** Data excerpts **
:::
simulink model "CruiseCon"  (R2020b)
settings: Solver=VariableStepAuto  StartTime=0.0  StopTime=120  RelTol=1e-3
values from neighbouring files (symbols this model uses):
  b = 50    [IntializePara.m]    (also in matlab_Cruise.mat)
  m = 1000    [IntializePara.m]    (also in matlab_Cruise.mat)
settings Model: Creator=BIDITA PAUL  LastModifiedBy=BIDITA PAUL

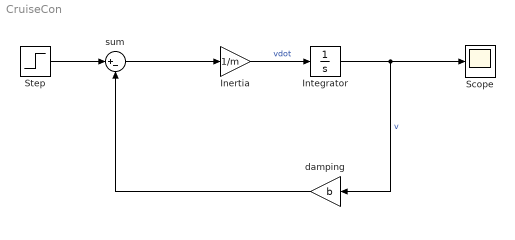
== system CruiseCon ==
  Inertia : Gain  Gain=1/m
  Integrator : Integrator
  Scope : Scope
  Step : Step  After=u  SampleTime=0
  damping : Gain  Gain=b
  sum : Sum  Inputs=|+-
  wires:
  Integrator/1 -> damping/1, Scope/1  "v"
  Inertia/1 -> Integrator/1  "vdot"
  sum/1 -> Inertia/1
  Step/1 -> sum/1
  damping/1 -> sum/2
:::
** Task requirements **
Report how many lines of the entries include the word "damping", and let the number stand alone.

** Exercise solution **
3